I used the floating rocks from the high elf mage kit, and the spectres from Mannfred's cape.

Let me know what you think.


----------



## The Gunslinger (Apr 4, 2011)

*Mara, the Lady of the Dead*

Mara was a young woman who had everything. Her father was a power noble who demanded the respect and admiration of his peers. However, one day he died suddenly and his rivals moved quickly, seizing his lands and wealth, leaving Mara with nothing. The young, naive women panicked, and in desperation resorted to necromancy in an attempt to bring her father back. Using an evil text found in her father’s great library, she uttered the words within over her father’s corpse. Unfortunately for Mara, and the town, her words affected more than just her father's corpse, all the dead from the town’s graveyard began to rise and attacked the townsfolk. 
Mara realised the newly risen dead would not follow her commands when her deceased father turned on her.
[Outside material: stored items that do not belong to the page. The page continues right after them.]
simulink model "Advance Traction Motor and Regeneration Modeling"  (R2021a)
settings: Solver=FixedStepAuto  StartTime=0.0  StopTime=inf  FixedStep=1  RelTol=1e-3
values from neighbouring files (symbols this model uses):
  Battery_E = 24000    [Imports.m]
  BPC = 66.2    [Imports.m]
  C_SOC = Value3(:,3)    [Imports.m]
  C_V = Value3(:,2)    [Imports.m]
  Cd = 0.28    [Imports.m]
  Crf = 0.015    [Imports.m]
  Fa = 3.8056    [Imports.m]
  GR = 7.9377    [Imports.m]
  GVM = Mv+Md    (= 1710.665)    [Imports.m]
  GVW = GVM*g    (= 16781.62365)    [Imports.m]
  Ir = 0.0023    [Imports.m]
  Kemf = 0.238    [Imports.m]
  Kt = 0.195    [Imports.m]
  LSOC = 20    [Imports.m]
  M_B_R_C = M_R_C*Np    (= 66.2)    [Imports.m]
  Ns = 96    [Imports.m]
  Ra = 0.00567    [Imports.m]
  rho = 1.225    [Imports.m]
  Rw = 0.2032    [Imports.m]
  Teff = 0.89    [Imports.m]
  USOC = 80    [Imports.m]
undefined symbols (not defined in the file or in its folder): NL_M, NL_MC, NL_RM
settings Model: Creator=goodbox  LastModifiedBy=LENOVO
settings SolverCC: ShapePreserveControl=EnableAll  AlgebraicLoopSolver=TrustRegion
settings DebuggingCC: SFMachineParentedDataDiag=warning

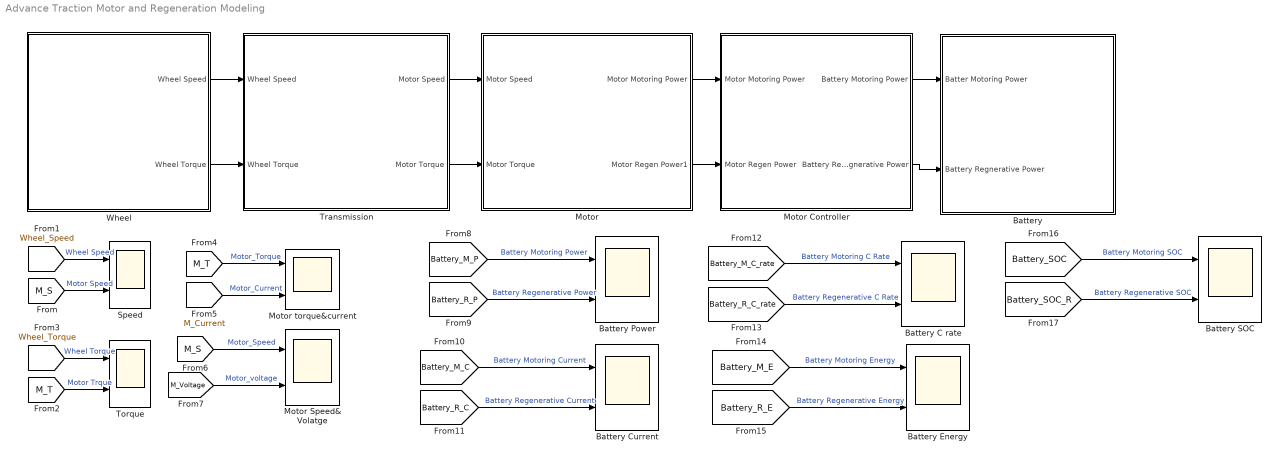
== system Advance Traction Motor and Regeneration Modeling ==
  Battery : Subsystem
  Battery C rate : Scope  NumInputPorts=2
  Battery Current : Scope  NumInputPorts=2
  Battery Energy : Scope  NumInputPorts=2
  Battery Power : Scope  NumInputPorts=2
  Battery SOC : Scope  NumInputPorts=2
  Motor : Subsystem
  Motor Controller : Subsystem
  Motor Speed& Volatge : Scope  NumInputPorts=2
  Motor torque&current : Scope  NumInputPorts=2
  Speed : Scope  NumInputPorts=2
  Torque : Scope  NumInputPorts=2
  Transmission : Subsystem
  Wheel : Subsystem
  wires:
  Wheel/1(Wheel Speed) -> Transmission/1(Wheel Speed)
  Wheel/2(Wheel Torque) -> Transmission/2(Wheel Torque)
  [Wheel_Speed] -> Speed/1  "Wheel Speed"
  [M_S] -> Speed/2  "Motor Speed"
  [M_T] -> Torque/2  "Motor Trque"
  [Wheel_Torque] -> Torque/1  "Wheel Torque"
  Transmission/1(Motor Speed) -> Motor/1(Motor Speed)
  Transmission/2(Motor Torque) -> Motor/2(Motor Torque)
  [M_T] -> Motor torque&current/1  "Motor_Torque"
  [M_Current] -> Motor torque&current/2  "Motor_Current"
  [M_S] -> Motor Speed& Volatge/1  "Motor_Speed"
  [M_Voltage] -> Motor Speed& Volatge/2  "Motor_voltage"
  Motor/1(Motor Motoring Power) -> Motor Controller/1(Motor Motoring Power)
  Motor/2(Motor Regen Power1) -> Motor Controller/2(Motor Regen Power)
  Motor Controller/1(Battery Motoring Power) -> Battery/1(Batter Motoring Power)
  Motor Controller/2(Battery Regnerative Power) -> Battery/2(Battery Regnerative Power)
  [Battery_M_P] -> Battery Power/1  "Battery Motoring Power"
  [Battery_R_P] -> Battery Power/2  "Battery Regenerative Power"
  [Battery_R_C] -> Battery Current/2  "Battery Regenerative Current"
  [Battery_M_C] -> Battery Current/1  "Battery Motoring Current"
  [Battery_M_C_rate] -> Battery C rate/1  "Battery Motoring C Rate"
  [Battery_R_C_rate] -> Battery C rate/2  "Battery Regenerative C Rate"
  [Battery_M_E] -> Battery Energy/1  "Battery Motoring Energy"
  [Battery_R_E] -> Battery Energy/2  "Battery Regenerative Energy"
  [Battery_SOC_R] -> Battery SOC/2  "Battery Regenerative SOC"
  [Battery_SOC] -> Battery SOC/1  "Battery Motoring SOC"

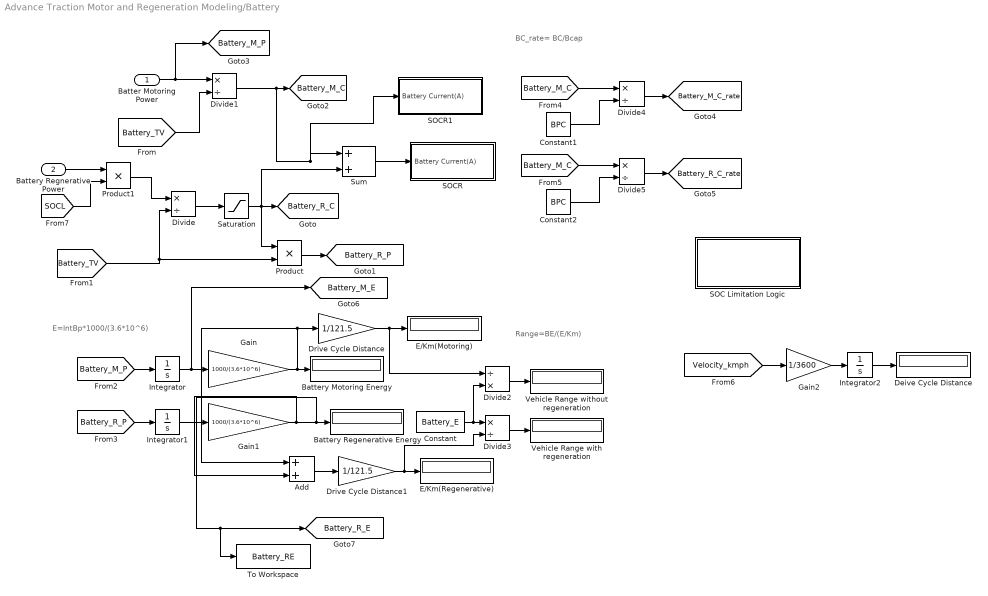
== system Advance Traction Motor and Regeneration Modeling/Battery ==
  note: BC_rate= BC/Bcap
  note: Range=BE/(E/Km)
  note: E=IntBp*1000/(3.6*10^6)
  Batter Motoring Power : Inport
  Battery Regnerative Power : Inport  Port=2
  Add : Sum
  Battery Motoring Energy : Display
  Battery Regenerative Energy : Display
  Constant : Constant  Value=Battery_E
  Constant1 : Constant  Value=BPC
  Constant2 : Constant  Value=BPC
  Deive Cycle Distance : Display
  Divide{,1,3..5} (5 alike) : Product  Inputs=*/
  Divide2 : Product  Inputs=/*
  Drive Cycle Distance : Gain  Gain=1/121.5
  Drive Cycle Distance1 : Gain  Gain=1/121.5
  E/Km(Motoring) : Display
  E/Km(Regenerative) : Display
  Gain : Gain  Gain=1000/(3.6*10^6)
  Gain1 : Gain  Gain=1000/(3.6*10^6)
  Gain2 : Gain  Gain=1/3600
  Integrator : Integrator
  Integrator1 : Integrator
  Integrator2 : Integrator
  Product : Product
  Product1 : Product
  SOC Limitation Logic : Subsystem
  SOCR : Subsystem
  SOCR1 : Subsystem
  Saturation : Saturate  UpperLimit=0  LowerLimit=-M_B_R_C
  Sum : Sum  Inputs=|++
  To Workspace : ToWorkspace  VariableName=Battery_RE  SaveFormat=Timeseries  SampleTime=-1
  Vehicle Range with regeneration : Display
  Vehicle Range without regeneration : Display
  tag scope: Battery_M_C=global, Battery_M_C_rate=global, Battery_M_E=global, Battery_M_P=global, Battery_R_C=global, Battery_R_C_rate=global, Battery_R_E=global, Battery_R_P=global
  wires:
  [Battery_TV] -> Divide/2, Product/2
  Divide/1 -> Saturation/1
  Saturation/1 -> Sum/2, Product/1, [Battery_R_C]
  Product/1 -> [Battery_R_P]
  Batter Motoring Power/1 -> [Battery_M_P], Divide1/1
  [Battery_TV] -> Divide1/2
  Divide1/1 -> SOCR1/1("Battery Current(A) "), Sum/1, [Battery_M_C]
  Sum/1 -> SOCR/1("Battery Current(A) ")
  [Battery_M_P] -> Integrator/1
  Integrator/1 -> [Battery_M_E], Gain/1
  Gain/1 -> Add/1, Drive Cycle Distance/1, Battery Motoring Energy/1
  [Battery_R_P] -> Integrator1/1
  Integrator1/1 -> Gain1/1
  Drive Cycle Distance/1 -> Divide2/1, E/Km(Motoring)/1
  Gain1/1 -> Add/2, To Workspace/1, [Battery_R_E], Battery Regenerative Energy/1
  Drive Cycle Distance1/1 -> Divide3/2, E/Km(Regenerative)/1
  Add/1 -> Drive Cycle Distance1/1
  Constant/1 -> Divide3/1, Divide2/2
  Divide3/1 -> Vehicle Range with regeneration/1
  Divide2/1 -> Vehicle Range without regeneration/1
  [Battery_M_C] -> Divide4/1
  Constant1/1 -> Divide4/2
  Divide4/1 -> [Battery_M_C_rate]
  Divide5/1 -> [Battery_R_C_rate]
  Constant2/1 -> Divide5/2
  [Battery_M_C] -> Divide5/1
  [Velocity_kmph] -> Gain2/1
  Gain2/1 -> Integrator2/1
  Integrator2/1 -> Deive Cycle Distance/1
  Battery Regnerative Power/1 -> Product1/1
  [SOCL] -> Product1/2
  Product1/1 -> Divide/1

She barely managed to escape and fled the town during the confusion.

Eventually, Mara found her way to the court of Countess Verde and pledged her services to the countess. Realising the natural talent of her latest follower, the countess tutored Mara in the dark art of necromancy until she became one of her most powerful spellcasters. 

I wanted Mara to be a centrepiece in my army, as I think she will always be included. I knew I wanted a female necromancer from the start and wanted to move away from the pathetic looking wretch and instead create a powerful female spellcaster. 

The legs are from the dark elf sorceress and the body is from a banshee. The staff is made up of a lance and head from the hex wraith kit. I wanted reasonably plain clothes for her, so a linen blouse, purple skirt and plain leather boots. 

Let me know what you think!


----------



## The Gunslinger (Apr 4, 2011)

*A work in progress: Mounted Wight King*

Whilst I work on a back story and take some better quality pictures of my mounted Wight King I thought I would make a quick post showing how I made him. 

So I started with the Mannfred von Carstein model and removed his head and arms. Plus the spirits coming out of the cape, which I then used to make Mara. I then stuck the horse together, having to use greenstuff to fill in the gaps because fail cast

I then tried to remove the bats on his cape, very fitting for a vampire, not so much for a wight king. To cover up the mess I made I green stuffed some more fur onto his cape, to match what was there.

I wanted my Wight King to fit the in with the Tomb Kings vibe my army is going for so I gave him a suitable crown. I used a tomb kings skeleton’s head fitted inside a banner to create a crown. I had to use some more green stuff to give him a fur collar to cover up the mess left over from the old head. And a suitably cool-looking sword arm, from the Tomb Kings skeleton set, fit perfectly. 

I used a regular skeleton’s shield arm for his left arm and again I had to hide where I removed Mannfred's arm before with some more greenstuff. I used a tomb king's shield for him, but I didn’t attach it until I finished painting. I then finally attached him to his mighty steed, tidied up the joint and started painting.


----------



## The Gunslinger (Apr 4, 2011)

*Rephalm’s Horde: Reinforcements Incoming!*

Poor Rephalm has received a second wave of zombies to bring his horde up to 40 strong, a mighty force of rotting decay that can overwhelm the strongest of warriors with the weight of numbers. 

The second batch has been painted the same way as before, and include a musician, or noise maker. 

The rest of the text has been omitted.